'''
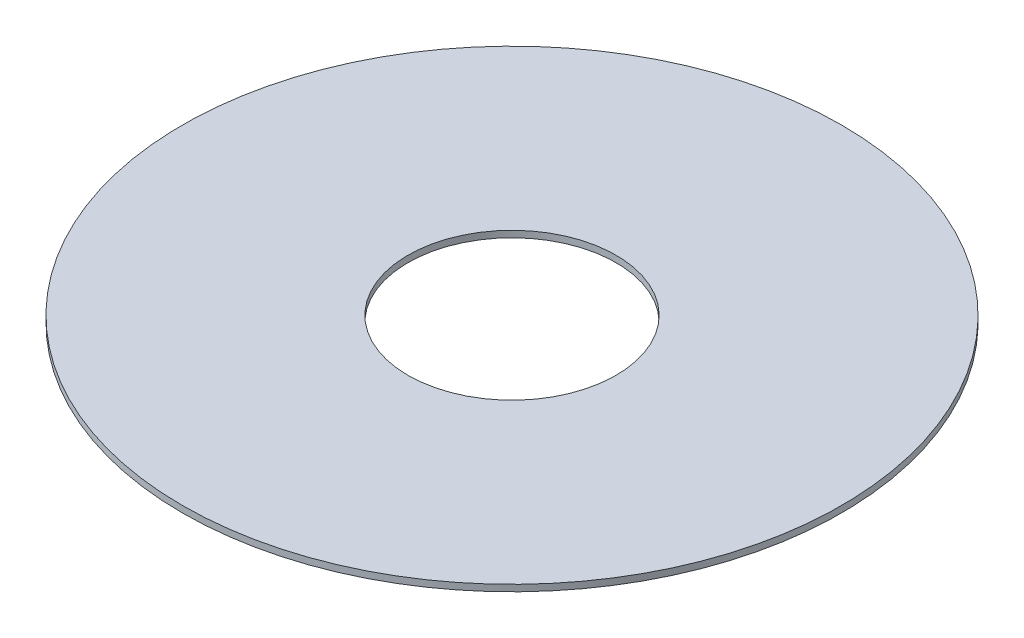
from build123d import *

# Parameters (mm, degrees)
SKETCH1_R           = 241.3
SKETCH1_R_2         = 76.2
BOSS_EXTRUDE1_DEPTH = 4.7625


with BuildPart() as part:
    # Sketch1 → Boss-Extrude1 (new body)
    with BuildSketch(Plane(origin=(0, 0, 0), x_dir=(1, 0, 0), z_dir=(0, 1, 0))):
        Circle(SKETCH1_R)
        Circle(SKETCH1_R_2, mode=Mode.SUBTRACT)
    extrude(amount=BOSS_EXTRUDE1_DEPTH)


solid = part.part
'''
§ **What is needed**: Among the lines above, find those holding "Circle" and copy each one.

§ **Response below**:
        Circle(SKETCH1_R)
        Circle(SKETCH1_R_2, mode=Mode.SUBTRACT)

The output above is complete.